As can be seen from table 2, the final selected model included significant effects of mean respiratory rate [β = −1.09, SE = 0.54, 95% CI (−2.18, 0.00), p = 0.05], mean cardiac IBI [β = 1.90, SE = 0.62, 95% CI (0.65, 3.14), p < 0.01] and a significant interaction between mean skin conductance level and attention type [β = 3.40, SE = 1.15, 95% CI (1.11, 5.70), p < 0.01]. An increase in mean skin conductance level predicted an increase in mutual connectedness in the context of joint attention [β = 2.78, SE = 0.90, 95% CI (0.98, 4.58)] but not in the context of disjoint attention [β = −0.62, SE = 0.84, 95% CI (−2.30, 1.06)]. Figure 4a illustrates the significant fixed effects in the model. A post hoc comparison between the final selected model and a nesting model additionally including indices of dyadic physiological synchrony showed no significant improvement in log-likelihood: χ² (4) = 5.82, p = 0.21. We then ran similar automatic procedures to model mutual connectedness in response to the positive videos versus negative videos, respectively (see the electronic supplementary material).
Table 2.
Final selected model of changes in mutual connectedness from the neutral video to the positive and negative videos (n = 78 observations).
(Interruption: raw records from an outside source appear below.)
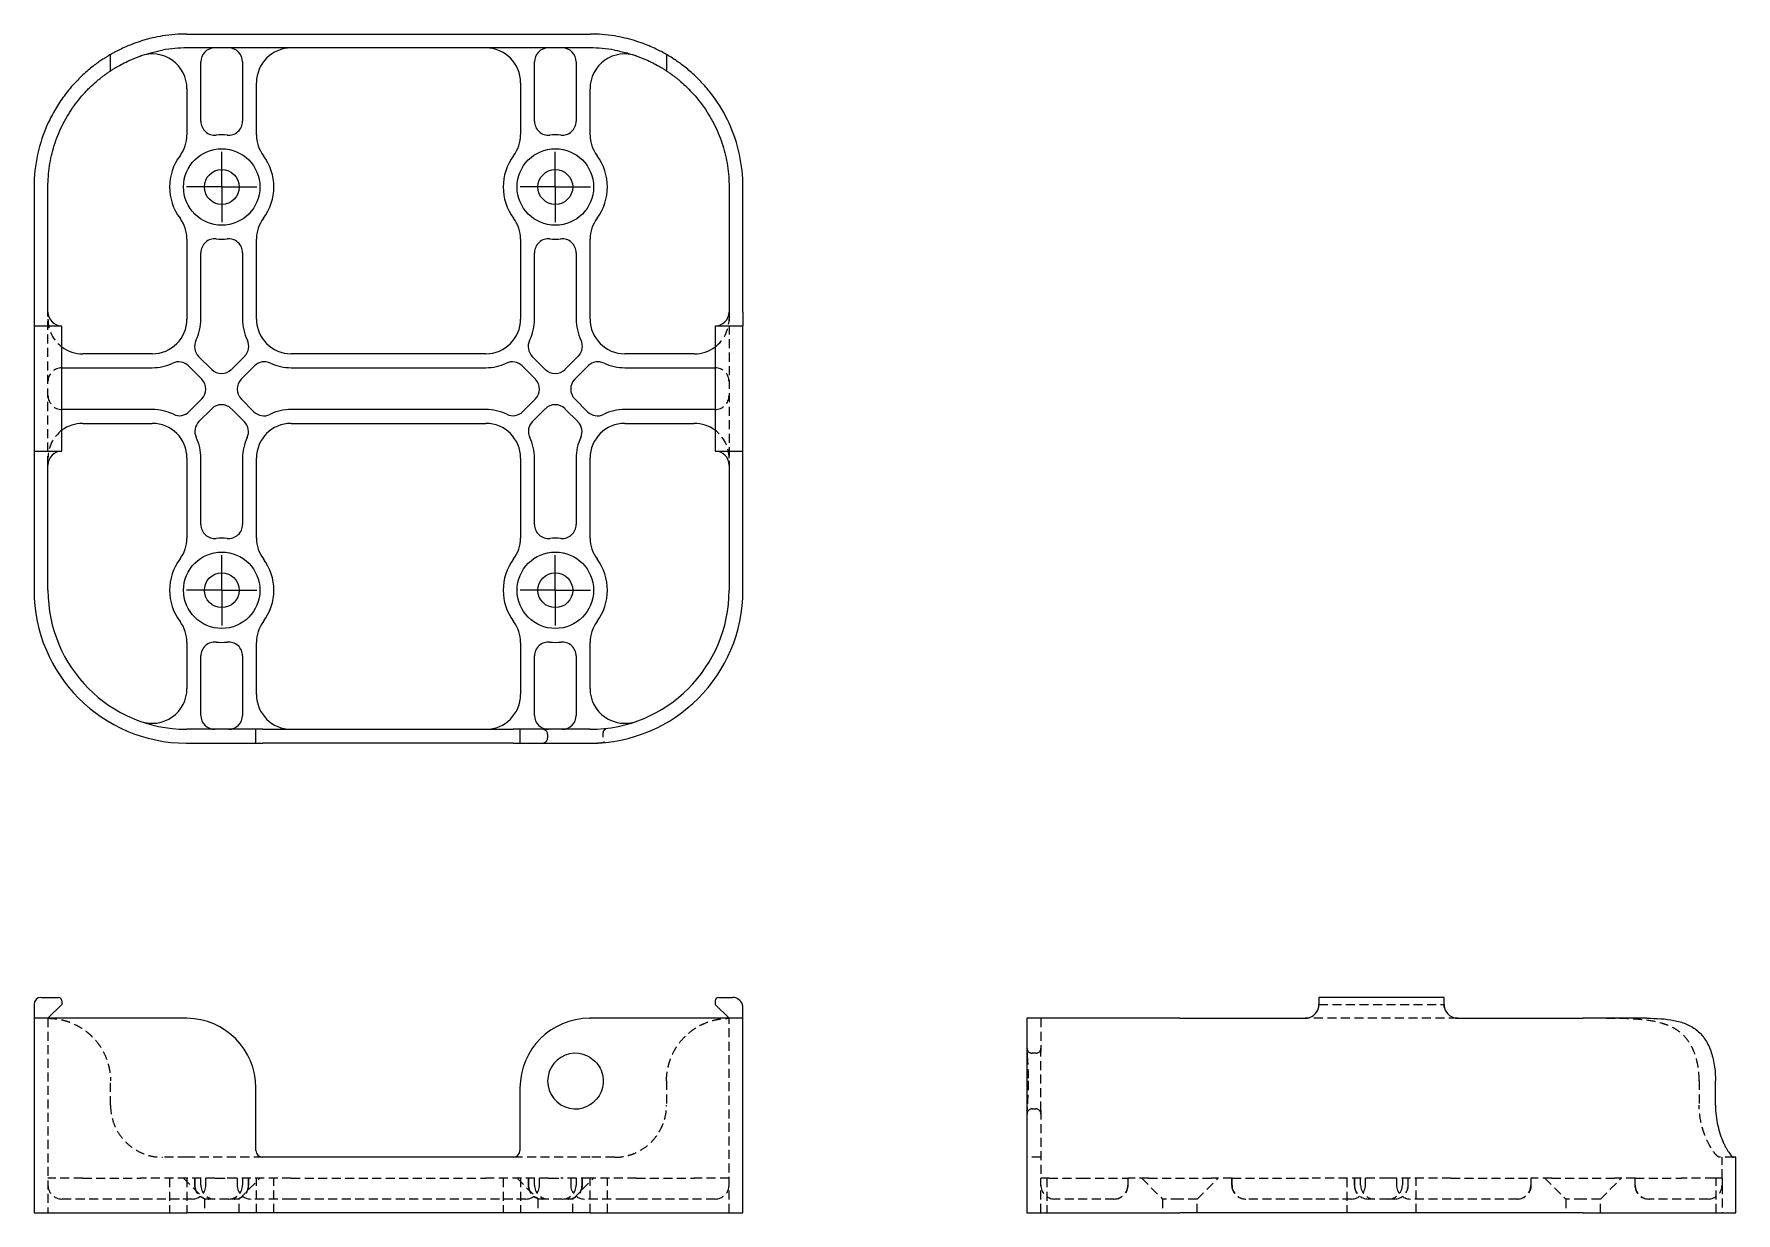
# Model space of a CAD drawing. Header units: millimetres. Extents: x 33 to 273, y 42 to 208.
import ezdxf

# ---------------------------------------------------------------- set-up
doc = ezdxf.new("R2010")
doc.units = ezdxf.units.MM
doc.linetypes.add('HIDDEN', pattern=[1.905, 1.27, -0.635])
doc.layers.add('10', color=7, linetype='Continuous')

# ---------------------------------------------------------------- blocks, each defined once
blk = doc.blocks.new('SW_CENTERMARKSYMBOL_0')
at = {"layer": '10', "color": 0}
for p, q in [((0, 2.5), (0, 4.95)), ((0, 0), (0, 2.5)), ((-2.5, 0), (-4.95, 0)), ((0, 0), (-2.5, 0)), ((0, 0), (0, -2.5)), ((0, 0), (2.5, 0)), ((2.5, 0), (4.95, 0)), ((0, -2.5), (0, -4.95))]:
    blk.add_line(p, q, dxfattribs=at)
blk = doc.blocks.new('SW_CENTERMARKSYMBOL_1')
at = {"layer": '10', "color": 0}
for p, q in [((0, 2.5), (0, 4.95)), ((0, 0), (0, 2.5)), ((-2.5, 0), (-4.95, 0)), ((0, 0), (-2.5, 0)), ((0, 0), (0, -2.5)), ((0, 0), (2.5, 0)), ((2.5, 0), (4.95, 0)), ((0, -2.5), (0, -4.95))]:
    blk.add_line(p, q, dxfattribs=at)
blk = doc.blocks.new('SW_CENTERMARKSYMBOL_2')
at = {"layer": '10', "color": 0}
for p, q in [((0, 2.5), (0, 4.95)), ((0, 0), (0, 2.5)), ((-2.5, 0), (-4.95, 0)), ((0, 0), (-2.5, 0)), ((0, 0), (0, -2.5)), ((0, 0), (2.5, 0)), ((2.5, 0), (4.95, 0)), ((0, -2.5), (0, -4.95))]:
    blk.add_line(p, q, dxfattribs=at)
blk = doc.blocks.new('SW_CENTERMARKSYMBOL_3')
at = {"layer": '10', "color": 0}
for p, q in [((0, 2.5), (0, 4.95)), ((0, 0), (0, 2.5)), ((-2.5, 0), (-4.95, 0)), ((0, 0), (-2.5, 0)), ((0, 0), (0, -2.5)), ((0, 0), (2.5, 0)), ((2.5, 0), (4.95, 0)), ((0, -2.5), (0, -4.95))]:
    blk.add_line(p, q, dxfattribs=at)

msp = doc.modelspace()

# ---------------------------------------------------------------- linework, layer by layer
at = {"color": 7, "linetype": 'Continuous', "lineweight": 25}
for p, q in [((54.58, 208), (111.42, 208)), ((43.8, 202.81), (43.8, 205.11)), ((111.42, 206.04), (54.58, 206.04)), ((56.54, 195.7), (56.54, 204.08)), ((62.42, 204.08), (62.42, 195.7)), ((103.58, 195.7), (103.58, 204.08)), ((109.46, 204.08), (109.46, 195.7)), ((122.2, 205.11), (122.2, 202.81)), ((54.58, 200.3), (54.58, 193.79)), ((64.38, 193.79), (64.38, 201.14)), ((101.62, 201.14), (101.62, 193.79)), ((111.42, 193.79), (111.42, 200.3)), ((33.02, 186.44), (33.02, 168.8)), ((34.98, 168.8), (34.98, 186.44)), ((131.02, 186.44), (131.02, 168.8)), ((132.98, 168.8), (132.98, 186.44)), ((54.58, 179.09), (54.58, 167.82)), ((64.38, 167.82), (64.38, 179.09)), ((101.62, 179.09), (101.62, 167.82)), ((111.42, 167.82), (111.42, 179.09)), ((56.54, 167.82), (56.54, 177.18)), ((62.42, 177.18), (62.42, 167.82)), ((103.58, 167.82), (103.58, 177.18)), ((109.46, 177.18), (109.46, 167.82)), ((33.02, 168.8), (33.02, 166.84)), ((132.98, 168.8), (132.98, 166.9)), ((33.02, 166.84), (33.02, 149.2)), ((34, 166.84), (33.02, 166.84)), ((36.45, 166.84), (34, 166.84)), ((36.94, 166.84), (36.45, 166.84)), ((36.94, 149.2), (36.94, 166.84)), ((129.06, 166.84), (129.06, 149.2)), ((129.55, 166.84), (129.06, 166.84)), ((131.51, 166.84), (129.55, 166.84)), ((132.9, 166.84), (131.51, 166.84)), ((132.98, 149.13), (132.98, 166.9)), ((36.94, 160.96), (49.68, 160.96)), ((49.68, 162.92), (39.88, 162.92)), ((54.8, 161.21), (56.68, 159.33)), ((58.07, 160.72), (56.22, 162.56)), ((62.72, 162.6), (60.84, 160.72)), ((62.22, 159.33), (64.12, 161.23)), ((96.72, 162.92), (69.28, 162.92)), ((69.28, 160.96), (96.72, 160.96)), ((101.84, 161.21), (103.72, 159.33)), ((105.11, 160.72), (103.26, 162.56)), ((109.76, 162.6), (107.88, 160.72)), ((109.27, 159.33), (111.16, 161.23)), ((126.12, 162.92), (116.32, 162.92)), ((116.32, 160.96), (129.06, 160.96)), ((56.68, 156.56), (54.89, 154.77)), ((64.03, 154.76), (62.22, 156.56)), ((103.72, 156.56), (101.94, 154.77)), ((111.07, 154.76), (109.27, 156.56)), ((49.68, 155.08), (36.94, 155.08)), ((56.26, 153.37), (58.07, 155.17)), ((60.84, 155.17), (62.67, 153.34)), ((96.72, 155.08), (69.28, 155.08)), ((103.31, 153.37), (105.11, 155.17)), ((107.88, 155.17), (109.72, 153.34)), ((129.06, 155.08), (116.32, 155.08)), ((39.88, 153.12), (49.68, 153.12)), ((69.28, 153.12), (96.72, 153.12)), ((116.32, 153.12), (126.12, 153.12)), ((33.02, 149.2), (34, 149.2)), ((33.02, 149.2), (33.02, 147.24)), ((34, 149.2), (36.45, 149.2)), ((36.45, 149.2), (36.94, 149.2)), ((129.06, 149.2), (129.55, 149.2)), ((129.55, 149.2), (131.51, 149.2)), ((131.51, 149.2), (132.9, 149.2)), ((132.98, 147.24), (132.98, 149.13)), ((33.02, 147.24), (33.02, 129.59)), ((34.98, 129.59), (34.98, 147.24)), ((54.58, 148.22), (54.58, 136.94)), ((56.54, 138.85), (56.54, 148.22)), ((62.42, 148.22), (62.42, 138.85)), ((64.38, 136.94), (64.38, 148.22)), ((101.62, 148.22), (101.62, 136.94)), ((103.58, 138.85), (103.58, 148.22)), ((109.46, 148.22), (109.46, 138.85)), ((111.42, 136.94), (111.42, 148.22)), ((131.02, 147.24), (131.02, 129.59)), ((132.98, 129.59), (132.98, 147.24)), ((54.58, 122.24), (54.58, 115.73)), ((56.54, 111.95), (56.54, 120.33)), ((62.42, 120.33), (62.42, 111.95)), ((64.38, 114.89), (64.38, 122.24)), ((101.62, 122.24), (101.62, 114.89)), ((103.58, 111.95), (103.58, 120.33)), ((109.46, 120.33), (109.46, 111.95)), ((111.42, 115.73), (111.42, 122.24)), ((64.3, 109.99), (54.58, 109.99)), ((54.58, 108.03), (64.3, 108.03)), ((64.3, 108.03), (64.3, 109.99)), ((65.28, 109.99), (64.3, 109.99)), ((64.3, 108.03), (65.28, 108.03)), ((65.28, 109.99), (100.56, 109.99)), ((100.56, 108.03), (65.28, 108.03)), ((101.54, 109.99), (100.56, 109.99)), ((100.56, 108.03), (101.54, 108.03)), ((101.54, 109.99), (101.54, 108.03)), ((111.34, 109.99), (101.54, 109.99)), ((101.54, 108.03), (111.34, 108.03)), ((111.42, 109.99), (111.34, 109.99)), ((111.34, 108.03), (111.42, 108.03)), ((34, 72.19), (36.45, 72.19)), ((129.55, 72.19), (131.51, 72.19)), ((214.2, 72.19), (214.2, 71.21)), ((231.84, 72.19), (214.2, 72.19)), ((231.84, 71.21), (231.84, 72.19)), ((33.02, 71.21), (33.02, 69.25)), ((36.94, 71.21), (34.98, 69.25)), ((36.94, 71.7), (36.94, 71.21)), ((129.06, 71.7), (129.06, 71.21)), ((131.02, 69.25), (129.06, 71.21)), ((132.98, 69.25), (132.98, 70.72)), ((33.02, 69.25), (33.02, 41.81)), ((54.5, 69.25), (33.02, 69.25)), ((111.34, 69.25), (111.42, 69.25)), ((132.98, 69.25), (111.42, 69.25)), ((132.98, 41.81), (132.98, 69.25)), ((173.03, 69.25), (173.03, 64.58)), ((194.59, 69.25), (173.03, 69.25)), ((194.59, 69.25), (212.24, 69.25)), ((233.8, 69.25), (251.44, 69.25)), ((260.42, 69.25), (251.44, 69.25)), ((173.03, 64.58), (173.03, 56.23)), ((173.2, 60.45), (173.2, 60.38)), ((270.11, 57), (270.11, 60.43)), ((64.3, 50.63), (64.3, 59.45)), ((101.54, 59.45), (101.54, 50.63)), ((173.03, 56.23), (173.03, 41.81)), ((173.06, 56.76), (173.05, 56.36)), ((100.56, 49.65), (65.28, 49.65)), ((273, 49.65), (272.73, 49.65)), ((273, 41.81), (273, 49.65)), ((33.02, 41.81), (54.58, 41.81)), ((111.42, 41.81), (54.58, 41.81)), ((111.42, 41.81), (132.98, 41.81)), ((173.03, 41.81), (194.59, 41.81)), ((251.44, 41.81), (194.59, 41.81)), ((251.44, 41.81), (273, 41.81))]:
    msp.add_line(p, q, dxfattribs=at)
at = {"color": 7, "linetype": 'HIDDEN', "lineweight": 18}
for p, q in [((34.98, 147.24), (34.98, 168.8)), ((131.02, 168.8), (131.02, 147.24)), ((105.44, 109.26), (105.44, 108.77)), ((112, 108.04), (112.21, 108.05)), ((113.28, 108.93), (113.28, 109.47)), ((214.2, 71.21), (231.84, 71.21)), ((34.98, 69.25), (34.98, 41.81)), ((131.02, 41.81), (131.02, 69.25)), ((174.99, 69.25), (174.99, 64.58)), ((233.8, 69.25), (212.24, 69.25)), ((173.05, 64.45), (173.06, 63.99)), ((174.26, 64.32), (173.77, 64.32)), ((174.99, 56.23), (174.99, 64.58)), ((43.8, 57), (43.8, 60.43)), ((122.2, 60.43), (122.2, 57)), ((267.81, 60.43), (267.81, 57)), ((173.03, 56.23), (173.06, 56.36)), ((173.77, 56.48), (174.26, 56.48)), ((174.99, 56.23), (174.99, 46.71)), ((54.58, 49.65), (51.15, 49.65)), ((65.28, 49.65), (54.58, 49.65)), ((111.42, 49.65), (100.56, 49.65)), ((114.85, 49.65), (111.42, 49.65)), ((174.99, 49.65), (173.03, 49.65)), ((272.73, 49.65), (270.74, 49.65)), ((271.04, 46.71), (271.04, 49.65)), ((39.88, 46.71), (34.98, 46.71)), ((39.88, 46.71), (48.04, 46.71)), ((54.58, 46.71), (48.04, 46.71)), ((52.13, 46.71), (52.13, 41.81)), ((54.09, 46.71), (57.03, 43.77)), ((58.5, 46.71), (54.58, 46.71)), ((54.58, 46.71), (54.58, 41.81)), ((55.65, 46.71), (55.65, 45.73)), ((55.69, 46.71), (55.69, 45.73)), ((56.54, 45.73), (56.54, 46.71)), ((57.25, 45.73), (57.25, 46.71)), ((58.5, 46.71), (58.7, 46.71)), ((58.7, 46.71), (60.25, 46.71)), ((60.46, 46.71), (60.25, 46.71)), ((69.28, 46.71), (60.46, 46.71)), ((61.65, 46.71), (61.65, 45.73)), ((61.93, 43.77), (64.87, 46.71)), ((62.42, 46.71), (62.42, 45.73)), ((63.25, 45.73), (63.25, 46.71)), ((63.29, 45.73), (63.29, 46.71)), ((64.38, 41.81), (64.38, 46.71)), ((66.83, 41.81), (66.83, 46.71)), ((69.28, 46.71), (96.72, 46.71)), ((105.54, 46.71), (96.72, 46.71)), ((99.17, 46.71), (99.17, 41.81)), ((101.13, 46.71), (104.07, 43.77)), ((101.62, 46.71), (101.62, 41.81)), ((102.69, 46.71), (102.69, 45.73)), ((102.73, 46.71), (102.73, 45.73)), ((103.58, 45.73), (103.58, 46.71)), ((104.3, 45.73), (104.3, 46.71)), ((105.54, 46.71), (105.75, 46.71)), ((105.75, 46.71), (107.3, 46.71)), ((107.5, 46.71), (107.3, 46.71)), ((111.42, 46.71), (107.5, 46.71)), ((108.69, 46.71), (108.69, 45.73)), ((108.97, 43.77), (111.91, 46.71)), ((109.46, 46.71), (109.46, 45.73)), ((110.29, 45.73), (110.29, 46.71)), ((110.34, 45.73), (110.34, 46.71)), ((117.96, 46.71), (111.42, 46.71)), ((111.42, 41.81), (111.42, 46.71)), ((113.87, 41.81), (113.87, 46.71)), ((117.96, 46.71), (126.12, 46.71)), ((131.02, 46.71), (126.12, 46.71)), ((176.11, 46.71), (174.99, 46.71)), ((174.99, 45.73), (174.99, 46.71)), ((174.99, 41.81), (174.99, 45.73)), ((175.83, 46.71), (175.83, 41.81)), ((176.11, 46.71), (180.73, 46.71)), ((180.73, 46.71), (187.24, 46.71)), ((190.18, 46.71), (187.24, 46.71)), ((187.24, 46.71), (187.24, 45.73)), ((187.29, 45.73), (187.29, 46.71)), ((189.2, 46.71), (192.14, 43.77)), ((190.18, 46.71), (199, 46.71)), ((197.04, 43.77), (199.98, 46.71)), ((201.94, 46.71), (199, 46.71)), ((201.89, 46.71), (201.89, 45.73)), ((201.94, 46.71), (213.22, 46.71)), ((201.94, 45.73), (201.94, 46.71)), ((222.04, 46.71), (213.22, 46.71)), ((218.12, 46.71), (218.12, 41.81)), ((219.18, 46.71), (219.18, 45.73)), ((219.2, 46.71), (219.2, 45.73)), ((220.08, 45.73), (220.08, 46.71)), ((220.75, 45.73), (220.75, 46.71)), ((224, 46.71), (222.04, 46.71)), ((232.82, 46.71), (224, 46.71)), ((225.14, 46.71), (225.14, 45.73)), ((225.96, 46.71), (225.96, 45.73)), ((226.79, 45.73), (226.79, 46.71)), ((226.8, 45.73), (226.8, 46.71)), ((227.92, 41.81), (227.92, 46.71)), ((232.82, 46.71), (244.09, 46.71)), ((247.03, 46.71), (244.09, 46.71)), ((244.09, 46.71), (244.09, 45.73)), ((244.14, 45.73), (244.14, 46.71)), ((246.05, 46.71), (248.99, 43.77)), ((247.03, 46.71), (255.85, 46.71)), ((253.89, 43.77), (256.83, 46.71)), ((258.79, 46.71), (255.85, 46.71)), ((258.74, 46.71), (258.74, 45.73)), ((258.79, 46.71), (265.3, 46.71)), ((258.79, 45.73), (258.79, 46.71)), ((269.92, 46.71), (265.3, 46.71)), ((271.04, 46.71), (269.92, 46.71)), ((270.2, 41.81), (270.2, 46.71)), ((271.04, 46.71), (271.04, 45.73)), ((271.04, 45.73), (271.04, 41.81)), ((49.68, 43.77), (36.94, 43.77)), ((53.51, 43.77), (49.68, 43.77)), ((55.29, 43.77), (53.51, 43.77)), ((58.5, 43.77), (57.03, 43.77)), ((57.03, 43.77), (57.03, 41.81)), ((60.46, 43.77), (58.5, 43.77)), ((61.93, 43.77), (60.46, 43.77)), ((61.93, 41.81), (61.93, 43.77)), ((65.41, 43.77), (63.61, 43.77)), ((69.28, 43.77), (65.41, 43.77)), ((96.72, 43.77), (69.28, 43.77)), ((100.55, 43.77), (96.72, 43.77)), ((102.34, 43.77), (100.55, 43.77)), ((105.54, 43.77), (104.07, 43.77)), ((104.07, 43.77), (104.07, 41.81)), ((107.5, 43.77), (105.54, 43.77)), ((108.97, 43.77), (107.5, 43.77)), ((108.97, 41.81), (108.97, 43.77)), ((112.46, 43.77), (110.65, 43.77)), ((116.32, 43.77), (112.46, 43.77)), ((129.06, 43.77), (116.32, 43.77)), ((185.33, 43.77), (176.95, 43.77)), ((194.59, 43.77), (192.14, 43.77)), ((192.14, 43.77), (192.14, 41.81)), ((197.04, 43.77), (194.59, 43.77)), ((197.04, 41.81), (197.04, 43.77)), ((213.22, 43.77), (203.85, 43.77)), ((216.95, 43.77), (213.22, 43.77)), ((218.79, 43.77), (216.95, 43.77)), ((222.04, 43.77), (221.14, 43.77)), ((224, 43.77), (222.04, 43.77)), ((224.84, 43.77), (224, 43.77)), ((228.99, 43.77), (227.1, 43.77)), ((232.82, 43.77), (228.99, 43.77)), ((242.18, 43.77), (232.82, 43.77)), ((251.44, 43.77), (248.99, 43.77)), ((248.99, 43.77), (248.99, 41.81)), ((253.89, 43.77), (251.44, 43.77)), ((253.89, 41.81), (253.89, 43.77)), ((269.08, 43.77), (260.7, 43.77))]:
    msp.add_line(p, q, dxfattribs=at)
at = {"color": 7, "linetype": 'Continuous', "lineweight": 25}
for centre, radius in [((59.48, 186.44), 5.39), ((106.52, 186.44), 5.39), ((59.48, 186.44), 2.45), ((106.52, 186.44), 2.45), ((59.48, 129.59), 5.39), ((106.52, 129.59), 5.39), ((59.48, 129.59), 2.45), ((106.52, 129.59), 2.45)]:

| statistical predictor | standardized estimate | standard error | 95% CI lower limit | 95% CI upper limit | p value |
|---|---|---|---|---|---|
| intercept | 6.56 | 1.18 | 4.14 | 8.97 | <0.001 |
| mean SC level × attention type | 3.40 | 1.15 | 1.11 | 5.70 | <0.01 |
| mean IBI | 1.90 | 0.62 | 0.65 | 3.14 | <0.01 |
| mean RSP rate | −1.09 | 0.54 | −2.18 | 0.00 | 0.05 |
| attention type (joint versus disjoint) | 0.90 | 1.65 | −2.47 | 4.27 | 0.59 |
| mean skin conductance level | −0.62 | 0.80 | −2.22 | 0.97 | 0.44 |
| random effects | |||||
| number of clusters (N dyads) | 39 | ||||
| residual variance (σ 2) | 10.77 | ||||
| random-intercept variance (τ 00) | 20.97 | ||||
| ICC | 0.66 | ||||
| model performance | |||||
| marginal R 2/conditional R 2 | 0.19/0.73 | ||||
CI, confidence interval; IBI, inter-beat interval; ICC, intra-class correlation; RSP, respiration; SC, skin conductance.
Figure 4.
(a) Significant fixed effects in the final selected model of mutual connectedness (changes from the neutral video to the positive and negative videos); (b) bivariate correlations between mutual connectedness (changes from the neutral video to the positive and negative videos) and mutual social identification (changes from the start to the end of the experiment). Points represent dyad-level data; lines represent fitted linear predictions; shaded areas represent 95% confidence intervals. Mutual connectedness is expressed in arbitrary units (a.u.) and physiological variables in normalized units (n.u.).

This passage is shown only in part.